Amigos que honran

La próxima ve que me detenga en la casa de la Aguada, que de seguro habrá una próxima vez, no será solo el sitio donde observo con calma el pico majestuoso del Turquíno anticipándole el reencuentro. Desde esta vez ese será, para siempre, el lugar en que Pedrito me presentó a Rubiel y bastaron tres o cuatro frases, para ser miembro de la expedición más interesante en la que me haya enrolado antes.

Estos muchachos y muchachas son un mundo que crece, con las señas de los tiempos, llevan el empuje de lo inevitable y vienen de los espacios de creación, como de los espacios de la vida. Son en su mayoría tan jóvenes que me da vergüenza pararme a su lado, a pesar de ello, o gracias a ello, cada uno ya tiene una pequeña obra con la que engrandecer la cultura artística de la Asociación Hermanos Saíz (AHS) a la que pertenecen, y bajo cuya bandera suben cada trece de agosto hasta lo alto del Turquino, urgidos por la martiana condición de que honrar honra.
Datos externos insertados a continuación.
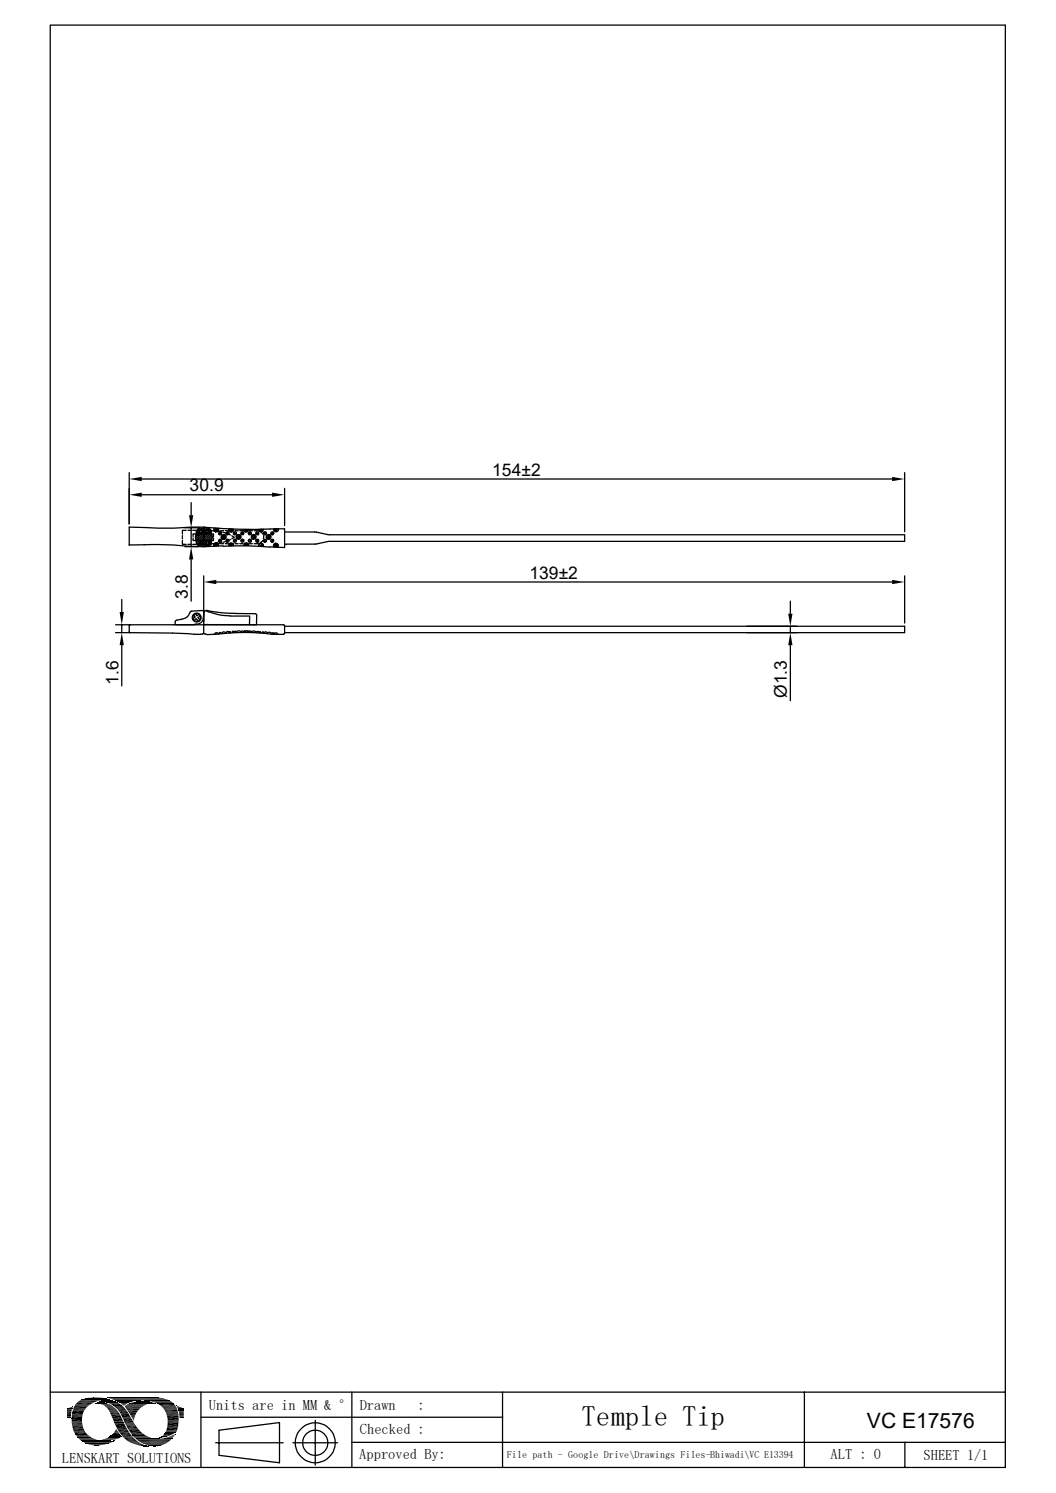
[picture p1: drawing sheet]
<svg xmlns="http://www.w3.org/2000/svg" width="210mm" height="297mm" viewBox="0 0 210 297" stroke-linecap="round" stroke-linejoin="round" font-family="sans-serif">
<g fill="none" stroke="#000" stroke-width=".25">
<path d="M10 5h189.9v286.9h-189.9zM25.7 94v10.2M28.2 98.4h25.9M28.2 95.3h149.2M38 100v2.5M56.6 97.2v7.4M179.9 94v11.8M24.2 119.3v2.5M36.3 107.5v.8h.7M36.3 106.6v.6M36.7 105h2.8M36.7 108.8h2.7"/>
<path d="M37 105.5h-.7v.8M37.4 105.5h.6M37.4 108.3h.6M37.4 104.9a90.4 90.4 0 0 1-11.7 0v3.5h8.8a49.3 49.3 0 0 0 9.9 .2M37.5 104.9h3.3M38 105v3.8M38 111.3v8.3M38.3 105.5h.6M38.3 108.3h.6M38.4 107v.5h.7M39 107.4v.2M39 106.4a.67 .67 0 0 0 0 .9"/>
<path d="M39 106.2v.2M39.1 107.6l.1 .6 .6 .5M39.1 106.2h-.7v.5M39.3 105.5h.6M39.4 107.5h.6v.8M39.4 106.2h1.6M39.5 107v.5h.4M39.6 105.8l-.7 .7M39.6 108l-.4 .4M39.6 105.5v.4h.8M39.7 105l-.7 .7M39.7 108.3l-.3 .2"/>
<path d="M39.8 105a1.06 1.06 0 0 0-.7 1.2M39.8 105.9v.3M39.8 106l-.9 1M39.9 106.2h-.4v.5M39.9 107.5v.8h-.6M40.1 107.5h.9M40.1 105l-1.1 1M40.2 105.5h.7M40.2 108.3h.7M40.5 105l-.5 .5M40.5 106.2v.5M40.5 107v.5"/>
<path d="M40.5 105v3.8M40.5 114.6v9.1M40.6 104.8l-.1 3.9M40.7 104.9a123.5 123.5 0 0 0 15.9 .3v3.7l-2.9-.1M40.9 105l-.7 .7M40.9 105.6l-1.8 1.9M40.9 108.1l-.6 .7M41 105.9l-2 2M41 107.5v.8M41.1 108.3l-.5 .5M41.1 106.2h.7M41.2 105l-2.3 2.2"/>
<path d="M41.2 105.5h.8v.7h-.7M41.2 106l-2.1 2.2M41.2 104.9a1.36 1.36 0 0 1 .9 1.5 .67 .67 0 0 1 0 .9M41.2 105.9v.3M41.3 107.5h.7v.8h-.8l-.1-.8h.7M41.4 105.5v.4h-.7M41.4 105.1l-.3 .4M41.7 105.2l-.3 .3M41.8 108.4l-.4 .3M41.9 105.4l-.4 .3M42 105.6l-2.1 2.1M42 106.3l-2.4 2.4"/>
<path d="M42 107.5v.7h.6M42 108.1l-.6 .6M42 107.4l-.5 .6M42 107.7l-1 1M42 105.9l-1.9 2M42 107.6v.4l-.2 .4M42.1 106.2h.4v.5M42.1 106.6l-2.1 2.1M42.1 107.4v.2M42.2 106.8l-.9 .9M42.5 107v.5h-.4M42.5 105.6h.6"/>
<path d="M42.6 105.6h-.6v.6M42.6 105a.47 .47 0 0 0 .4 .8 .47 .47 0 0 0 .4-.7M42.8 108.4l-.3 .2M42.9 105.5l-.3 .2M42.9 105.1l-.4 .4M42.9 105.6h.7M42.9 108.2h.7M43 107.9l-.5 .5M43 115.8h134.4M43.1 108.1l-.6 .1M43.3 105.1l-.2 .2M43.3 108l-.3 .2"/>
<path d="M43.4 108.6a.47 .47 0 0 0-.4-.6 .47 .47 0 0 0-.4 .7M43.4 108.2l-.4 .4M43.5 105.2l-.6 .7M43.5 108.5l-.2 .1M43.9 107.4l-.5 .3M43.9 105.6h.6M43.9 108.2h.6M43.9 105.9l-.4 .4M44 105.8l-.6-.1-.1 .1M44 107.9l-.6 .2M44 106.1l-.3 .3M44 107.6l-.4 .3"/>
<path d="M44.3 106.9l-.3 .2M44.3 105.9l.6 .1M44.4 108.7a64.1 64.1 0 0 1 9.3 .1M44.5 106.4l-.6 .5M44.7 106.5l-.2 .2M44.8 105.6h.7M44.8 108.2h.7M44.9 107.7l-.6 .2M44.9 106.6l-.7 .7M45 107l-.4 .4M45.2 106.2l.6 .2M45.3 107.4l-.4 .3"/>
<path d="M45.3 105.9l-.4 .4M45.5 107.5l-.4 .4M45.5 108.6a.47 .47 0 0 1 .5-.6 .47 .47 0 0 1 .4 .6M45.5 106.1l-.4 .3M45.6 105.2a.47 .47 0 0 0 .3 .6 .47 .47 0 0 0 .5-.5M45.6 105.2l-.1 .2M45.8 105.6h.6M45.8 108.2h.6M45.8 107.3l-.6 .3M45.8 105.4l-.2 .3M45.8 108l-.3 .4M45.9 108.6l.1-.2 .1 .2"/>
<path d="M45.9 105.2l-.1 .2 .2 .1 .1-.1-.1-.2M46.1 106.6l.5 .3-.5 .3M46.1 108l-.5 .6M46.3 105.2l-.6 .6M46.4 108.2l-.4 .3M46.4 105.5l-.3 .4M46.4 108.5h.1M46.7 105.6h.7M46.7 108.2h.7M46.8 105.8l-.4 .4M46.8 107.3l-.4 .4M47 106l-.4 .4"/>
<path d="M47 107.4l-.4 .5M47.3 106.3l-.4 .4M47.4 107l-.2 .2M47.7 106.4l-.7 .7M47.7 105.6h.6M47.7 108.2h.6M47.8 106.6l-.2 .2M47.9 106.8l-.4 .5M48.2 105.8l-.3 .4M48.2 107.3l-.3 .3M48.4 106l-.4 .4M48.5 107.4l-.5 .4"/>
<path d="M48.5 105.3a.47 .47 0 0 0 .5 .5 .47 .47 0 0 0 .4-.5l-.5 .6M48.6 108.1l-.1 .1M48.6 108.2h.7l-.3 .2M48.6 105.6h.7M48.8 105.3l-.3 .3M48.9 105.3l.1 .2 .1-.2M48.9 108.5l.1-.2 .1 .2M48.9 105.5l-.2 .2M49.1 108l-.6 .5a.47 .47 0 0 1 .5-.5 .47 .47 0 0 1 .4 .5M49.1 105.4h.1M49.4 108.4l-.2 .1M49.6 105.6h.6"/>
<path d="M49.6 108.2h.6M49.6 107.3l-.2 .2M49.7 105.8l-.3 .3M49.9 106l-.4 .4M49.9 107.4l-.4 .4M50 107.7l-.2 .2M50.2 106.4l-.2 .2M50.3 107l-.2 .2M50.5 105.6l1.1 .1M50.5 106.4l-.5 .5M50.8 106.5l-.3 .3M50.9 106.8l-.6 .5"/>
<path d="M51.1 107.3l-.3 .2M51.1 105.8l-.3 .3M51.4 107.4l-.5 .4M51.4 105.9l-.4 .4M51.4 106.3l-.1 .1M51.4 107.7l-.2 .2M51.5 108.6a.46 .46 0 0 1 .4-.5 .46 .46 0 0 1 .5 .6M51.6 108.1l-1.1 .1M51.6 105.3l-.1 .2M51.7 108.6h.1M51.8 105.3l.1 .2 .1-.2M51.8 105.5l-.2 .2"/>
<path d="M51.9 108.6v-.2l.1 .2M51.9 105.8l.4 .5M51.9 107.9l-.5 .5M52.2 108.2l-.3 .3M52.3 107.5l-.4 .4M52.4 105.3l-.5 .5M52.4 108.4l-.3 .3M52.4 105.3a.47 .47 0 0 1-.4 .5 .47 .47 0 0 1-.5-.5M52.4 106.6v.6M52.5 105.8l-.1 .2M52.8 105.9l-.3 .4M52.8 107.4l-.4 .3"/>
<path d="M53 106.2l-.3 .2M53 107.6l-.4 .3M53.3 106.9l-.3 .2M53.5 106.4l-.6 .5M53.7 106.5l-.2 .2M53.8 107.1l-.2 .2M53.8 106.7l-.5 .6M54.3 107.4l-.5 .3M54.3 105.9l-.4 .4M54.4 107.6l-.3 .3M54.4 105.2a.48 .48 0 0 0 .5 .6 .48 .48 0 0 0 .5-.6M54.4 106.1l-.3 .3"/>
<path d="M54.5 108.8a.47 .47 0 0 1 .1-.6 .47 .47 0 0 1 .6 0 .47 .47 0 0 1 0 .7M54.6 105.2l-.2 .2M54.7 105.5l-.2 .2M54.7 108.5l-.3 .3M54.8 108l-.4 .5M54.9 105.2l-.1 .2 .1 .1 .1-.1-.1-.2M54.9 108.7l-.2 .1M55 105.2h-.1M55.1 108.1l-.3 .3M55.3 108.3l-.3 .3M55.3 105.2l-.6 .6M55.4 108.6l-.3 .3"/>
<path d="M56.6 105.8h6.2l2.6 .6h114.5v1.3h-114.5l-2.6 .5h-6.2M56.9 108.3h.1M157.2 119.6v2.5M179.9 114.6v9.4M23 124.3h33.5l.1 .2v1.6l-.2 .1M23 125.9h3M24.2 124.3v1.6M24.2 128.4v8M25.9 125.9h8.4l4.4 .3M25.9 124.3l-.2 .1v1.3l.2 .1M38.1 121.6l2.2-.1h.2l.1 .3a2.21 2.21 0 0 1-.6 2.1l-.6 .3h-.7v.1h-3.9l.1-.8 1.3-.3M38.1 121.6l-.2 .1a2.16 2.16 0 0 1-1.7 1.4"/>
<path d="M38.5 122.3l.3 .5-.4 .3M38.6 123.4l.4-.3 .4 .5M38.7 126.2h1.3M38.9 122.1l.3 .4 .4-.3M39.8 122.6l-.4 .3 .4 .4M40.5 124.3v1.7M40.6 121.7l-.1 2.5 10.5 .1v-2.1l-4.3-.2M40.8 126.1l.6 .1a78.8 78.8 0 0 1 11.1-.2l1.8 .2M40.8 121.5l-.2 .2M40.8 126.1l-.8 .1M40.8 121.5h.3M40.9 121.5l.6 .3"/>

Yo había decidido ser este verano un caminante solitario -hasta donde se puede ir en solitario, sin la compañía ruidosa de tus fantasmas- los vi aparecer, por la vereda que viene del firme norte y comienza en el Alto del Naranjo. Supe que se trataba de la expedición anual de la AHS, y que en la tropa venían dos paisanos. Pedro creador audiovisual de Nuevitas, joven trabajador e inteligente; y el viejo Labrada, el mismo de los 90, mis años de la juventud, cuando la Asociación y lo mejor de la cultura cubana, hacían del arte, una contribución a la urgencia de no perdernos, en las marismas de miseria del período especial, ahí estaba Labrada lampiño, todavía sin canas y pasando por joven sin demasiado esfuerzo.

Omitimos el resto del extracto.